[Collected data]

=======

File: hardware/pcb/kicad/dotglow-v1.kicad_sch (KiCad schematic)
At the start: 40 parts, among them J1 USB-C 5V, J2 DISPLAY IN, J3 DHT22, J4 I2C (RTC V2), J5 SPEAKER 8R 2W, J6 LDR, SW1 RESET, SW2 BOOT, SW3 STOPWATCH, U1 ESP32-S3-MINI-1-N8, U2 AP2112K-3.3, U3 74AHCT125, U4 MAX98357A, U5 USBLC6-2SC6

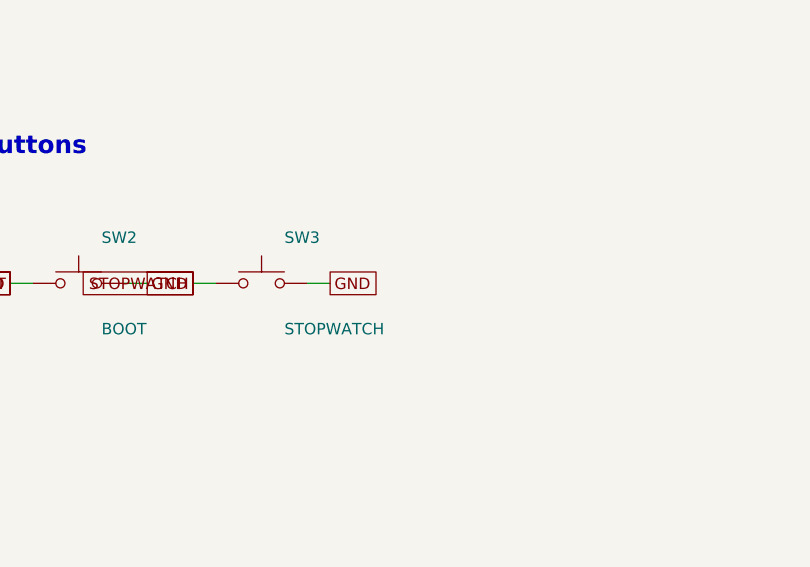
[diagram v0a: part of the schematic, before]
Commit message: DotGlow V1 board: stopwatch header J7, routing rerun, layout-only package for EasyEDA (outline, DXF, placement CSV)
Co-Authored-By: ElectroIoT <electroiot.in@gmail.com>
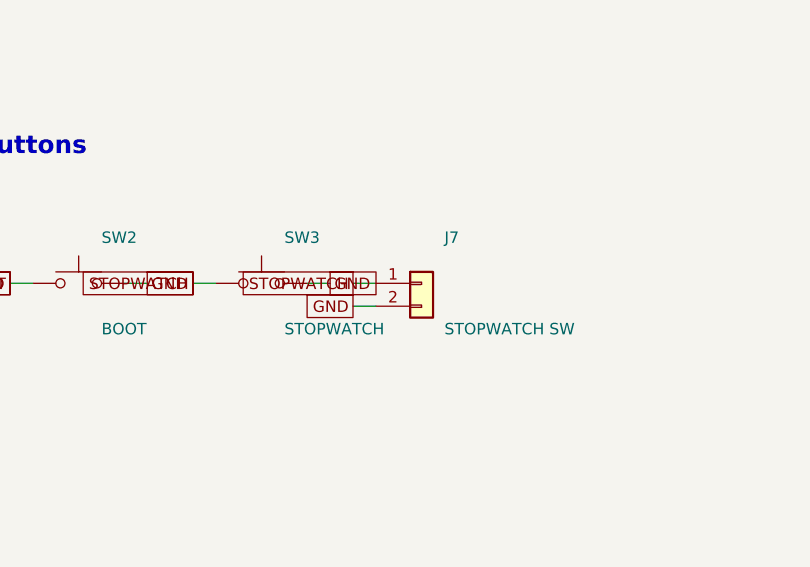
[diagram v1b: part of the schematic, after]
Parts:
- added J7: STOPWATCH SW, Connector_PinHeader_2.54mm:PinHeader_1x02_P2.54mm_Vertical, symbol Connector_Generic:Conn_01x02
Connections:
- net GND: now also J7.2 (Pin_2)
- net STOPWATCH: now also J7.1 (Pin_1)
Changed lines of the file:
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@@
+	)
+	(symbol
+		(lib_id "Connector_Generic:Conn_01x02")
+		(at 243.84 93.98 0)
+		(unit 1)
+		(exclude_from_sim no)
+		(in_bom yes)
+		(on_board yes)
+		(dnp no)
+		(property "Reference" "J7"
+			(at 246.38 88.9 0)
+			(effects
+				(font
+					(size 1.27 1.27)
+				)
+				(justify left)
+			)
+		)
+		(property "Value" "STOPWATCH SW"
+			(at 246.38 99.06 0)
+			(effects
+				(font
+					(size 1.27 1.27)
+				)
+				(justify left)
+			)
+		)
+		(property "Footprint" "Connector_PinHeader_2.54mm:PinHeader_1x02_P2.54mm_Vertical"
+			(at 243.84 93.98 0)
+			(hide yes)
+			(effects
+				(font
+					(size 1.27 1.27)
+				)
+			)
+		)
+		(property "Datasheet" ""
+			(at 243.84 93.98 0)
+			(hide yes)
+			(effects
+				(font
+					(size 1.27 1.27)
+				)
+			)
+		)
+		(pin "1"
+		)
+		(pin "2"
+		)
+		(instances
+			(project "dotglow-v1"
+				(path "/6d0007f9-f727-53d9-924c-8f566d92db0b"
+					(reference "J7")
+					(unit 1)
+				)
+			)
+		)
+	)
+	(wire
+		(pts
+			(xy 238.76 93.98)
+			(xy 236.22 93.98)
+		)
+		(stroke
+			(width 0)
+			(type default)
+		)
+	)
+	(global_label "STOPWATCH"
+		(shape passive)
+		(at 236.22 93.98 180)
+		(fields_autoplaced yes)
+		(effects
+			(font
+				(size 1.27 1.27)
+			)
+			(justify right)
+		)
+		(property "Intersheetrefs" "${INTERSHEET_REFS}"
+			(at 236.22 93.98 0)
+			(hide yes)
+			(effects
+				(font
+					(size 1.27 1.27)
+				)
+			)
+		)
+	)
+	(wire
+		(pts
+			(xy 238.76 96.52)
+			(xy 236.22 96.52)
+		)
+		(stroke
+			(width 0)
+			(type default)
+		)
+	)
+	(global_label "GND"
+		(shape passive)
+		(at 236.22 96.52 180)
+		(fields_autoplaced yes)
+		(effects
+			(font
+				(size 1.27 1.27)
+			)
+			(justify right)
+		)
+		(property "Intersheetrefs" "${INTERSHEET_REFS}"
+			(at 236.22 96.52 0)
+			(hide yes)
+			(effects
+				(font
+					(size 1.27 1.27)
+				)
+			)
+		)
 	)
 	(symbol

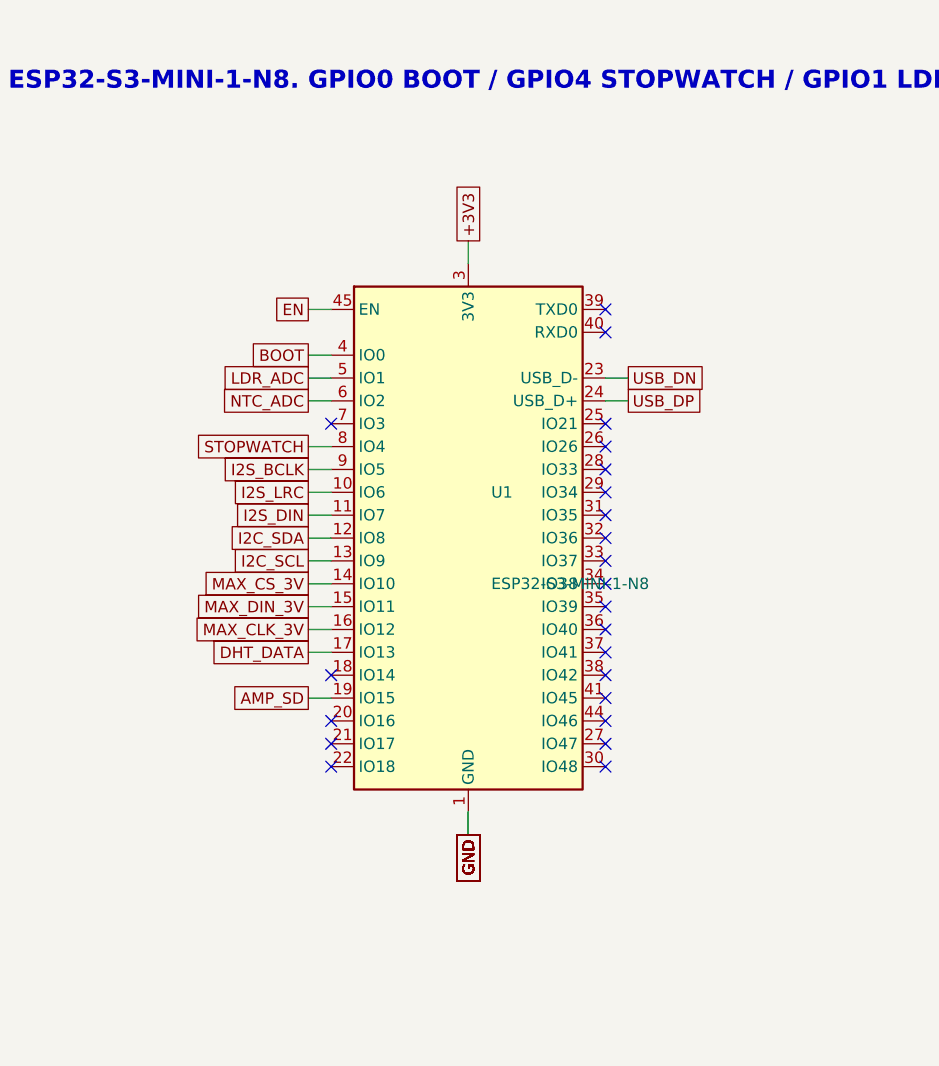
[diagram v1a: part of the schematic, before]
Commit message: DotGlow V1 board: switch to ESP32-S3-WROOM-1-N16R8 (C2913202), full pinout doc, display header on the module end, rebuild script
Co-Authored-By: ElectroIoT <electroiot.in@gmail.com>
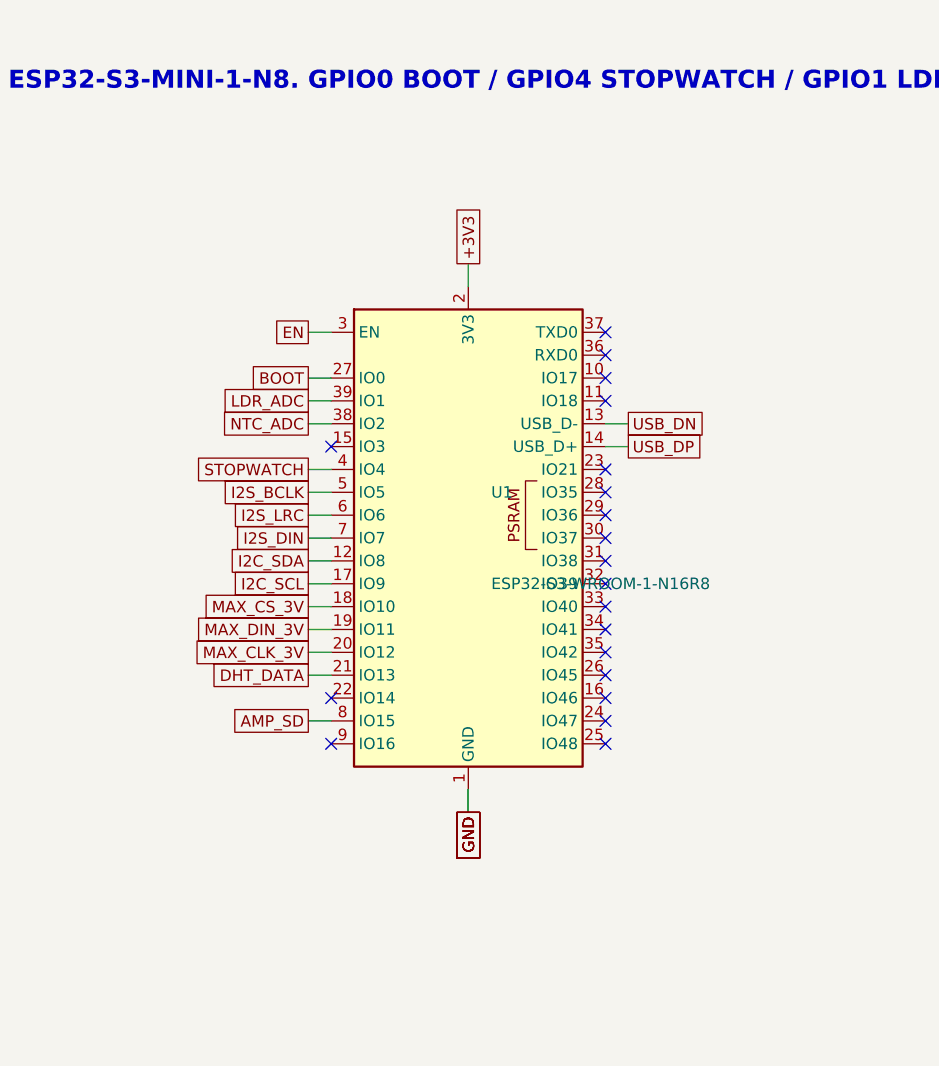
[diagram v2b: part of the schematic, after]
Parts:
- U1: value ESP32-S3-MINI-1-N8 -> ESP32-S3-WROOM-1-N16R8; footprint RF_Module:ESP32-S2-MINI-1 -> RF_Module:ESP32-S3-WROOM-1; symbol RF_Module:ESP32-S3-MINI-1 -> RF_Module:ESP32-S3-WROOM-1
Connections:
- net +3V3: now also U1.2 (3V3); no longer U1.3 (3V3)
- net AMP_SD: now also U1.8 (IO15); no longer U1.19 (IO15)
- net BOOT: now also U1.27 (IO0); no longer U1.4 (IO0)
- net DHT_DATA: now also U1.21 (IO13); no longer U1.17 (IO13)
- net EN: now also U1.3 (EN); no longer U1.45 (EN)
- net GND: now also U1.40 (GND), U1.41 (GND); no longer U1.2 (GND), U1.42 (GND), U1.43 (GND), U1.46 (GND), U1.47 (GND), U1.48 (GND), U1.49 (GND), U1.50 (GND), U1.51 (GND), U1.52 (GND), U1.53 (GND), U1.54 (GND), U1.55 (GND), U1.56 (GND), U1.57 (GND), U1.58 (GND), U1.59 (GND), U1.60 (GND), U1.61 (GND), U1.62 (GND), U1.63 (GND), U1.64 (GND), U1.65 (GND)
- net I2C_SCL: now also U1.17 (IO9); no longer U1.13 (IO9)
- net I2S_BCLK: now also U1.5 (IO5); no longer U1.9 (IO5)
- net I2S_DIN: now also U1.7 (IO7); no longer U1.11 (IO7)
- net I2S_LRC: now also U1.6 (IO6); no longer U1.10 (IO6)
- net LDR_ADC: now also U1.39 (IO1); no longer U1.5 (IO1)
- net MAX_CLK_3V: now also U1.20 (IO12); no longer U1.16 (IO12)
- net MAX_CS_3V: now also U1.18 (IO10); no longer U1.14 (IO10)
- net MAX_DIN_3V: now also U1.19 (IO11); no longer U1.15 (IO11)
- net NTC_ADC: now also U1.38 (IO2); no longer U1.6 (IO2)
- net STOPWATCH: now also U1.4 (IO4); no longer U1.8 (IO4)
- net USB_DN: now also U1.13 (USB_D-); no longer U1.23 (USB_D-)
- net USB_DP: now also U1.14 (USB_D+); no longer U1.24 (USB_D+)
- no-connect marks 27 -> 24

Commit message: DotGlow V1 board: JST XA connectors (2-pin C265077, 3-pin C265055, 4-pin C491709) for speaker, stopwatch, LDR, DHT22, I2C; re-placed and re-routed
Co-Authored-By: ElectroIoT <electroiot.in@gmail.com>
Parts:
- J3: footprint Connector_PinHeader_2.54mm:PinHeader_1x03_P2.54mm_Vertical -> Connector_JST:JST_XA_B03B-XASK-1_1x03_P2.50mm_Vertical
- J4: footprint Connector_PinHeader_2.54mm:PinHeader_1x04_P2.54mm_Vertical -> Connector_JST:JST_XA_B04B-XASK-1-A_1x04_P2.50mm_Vertical
- J5: footprint Connector_JST:JST_PH_S2B-PH-K_1x02_P2.00mm_Horizontal -> Connector_JST:JST_XA_B02B-XASK-1-A_1x02_P2.50mm_Vertical
- J6, J7: footprint Connector_PinHeader_2.54mm:PinHeader_1x02_P2.54mm_Vertical -> Connector_JST:JST_XA_B02B-XASK-1-A_1x02_P2.50mm_Vertical
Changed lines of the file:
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@@
 			)
 		)
-		(property "Footprint" "Connector_PinHeader_2.54mm:PinHeader_1x02_P2.54mm_Vertical"
+		(property "Footprint" "Connector_JST:JST_XA_B02B-XASK-1-A_1x02_P2.50mm_Vertical"
 			(at 243.84 93.98 0)
 			(hide yes)
@@
 			)
 		)
-		(property "Footprint" "Connector_JST:JST_PH_S2B-PH-K_1x02_P2.00mm_Horizontal"
+		(property "Footprint" "Connector_JST:JST_XA_B02B-XASK-1-A_1x02_P2.50mm_Vertical"
 			(at 248.92 215.9 0)
 			(hide yes)
@@
 			)
 		)
-		(property "Footprint" "Connector_PinHeader_2.54mm:PinHeader_1x02_P2.54mm_Vertical"
+		(property "Footprint" "Connector_JST:JST_XA_B02B-XASK-1-A_1x02_P2.50mm_Vertical"
 			(at 205.74 264.16 0)
 			(hide yes)
@@
 			)
 		)
-		(property "Footprint" "Connector_PinHeader_2.54mm:PinHeader_1x03_P2.54mm_Vertical"
+		(property "Footprint" "Connector_JST:JST_XA_B03B-XASK-1_1x03_P2.50mm_Vertical"
 			(at 243.84 264.16 0)
 			(hide yes)
@@
 			)
 		)
-		(property "Footprint" "Connector_PinHeader_2.54mm:PinHeader_1x04_P2.54mm_Vertical"
+		(property "Footprint" "Connector_JST:JST_XA_B04B-XASK-1-A_1x04_P2.50mm_Vertical"
 			(at 284.48 264.16 0)
 			(hide yes)

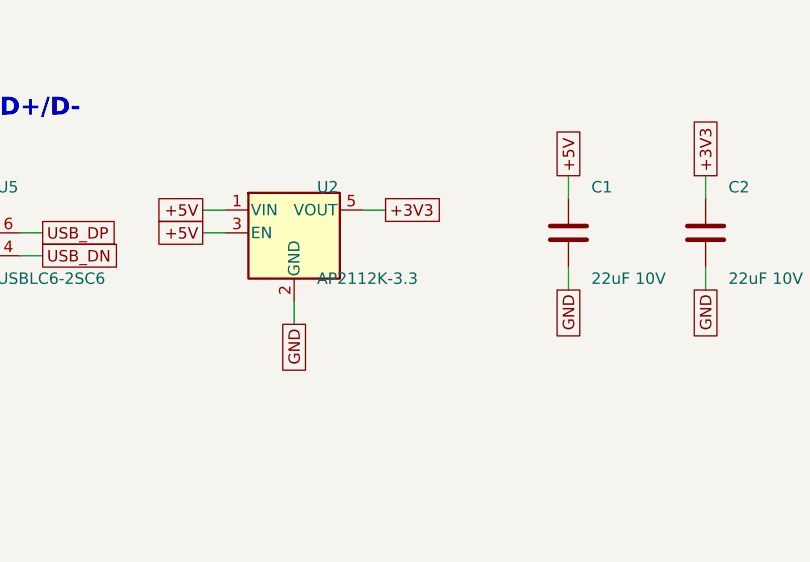
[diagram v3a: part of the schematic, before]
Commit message: DotGlow V1 board: final EasyEDA files (schematic, PCB, BOM, Gerber), 3D renders and viewer angles, README banner, HyperFrames short video source
Co-Authored-By: ElectroIoT <electroiot.in@gmail.com>
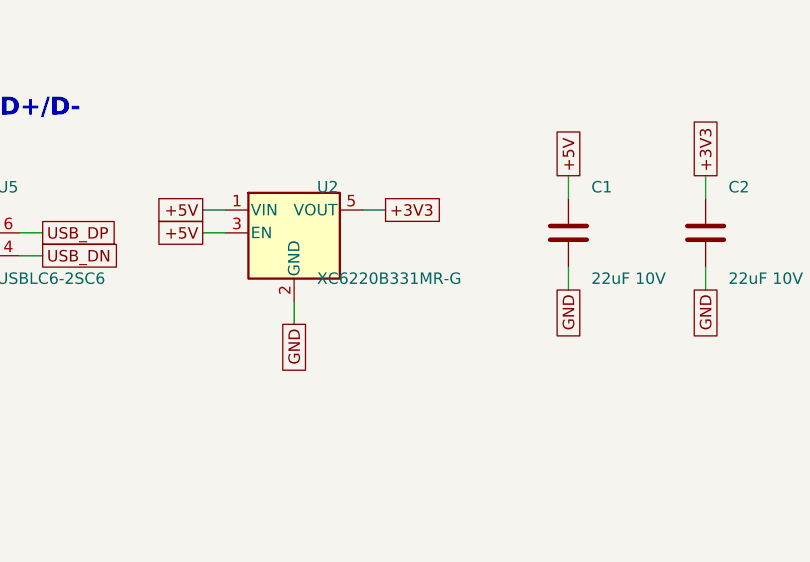
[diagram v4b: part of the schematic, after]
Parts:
- U2: value AP2112K-3.3 -> XC6220B331MR-G
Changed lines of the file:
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@@
 			)
 		)
-		(property "Value" "AP2112K-3.3"
+		(property "Value" "XC6220B331MR-G"
 			(at 302.26 45.72 0)
 			(effects

=======

## [WORK REQUIRED]
Every line from the top of the entries through the line that holds "Commit message: DotGlow V1 board: stopwatch" is to be quoted exactly, please, and nothing else; omit the pictures.

## [ANSWER SECTION]
File: hardware/pcb/kicad/dotglow-v1.kicad_sch (KiCad schematic)
At the start: 40 parts, among them J1 USB-C 5V, J2 DISPLAY IN, J3 DHT22, J4 I2C (RTC V2), J5 SPEAKER 8R 2W, J6 LDR, SW1 RESET, SW2 BOOT, SW3 STOPWATCH, U1 ESP32-S3-MINI-1-N8, U2 AP2112K-3.3, U3 74AHCT125, U4 MAX98357A, U5 USBLC6-2SC6

[diagram v0a: part of the schematic, before]
Commit message: DotGlow V1 board: stopwatch header J7, routing rerun, layout-only package for EasyEDA (outline, DXF, placement CSV)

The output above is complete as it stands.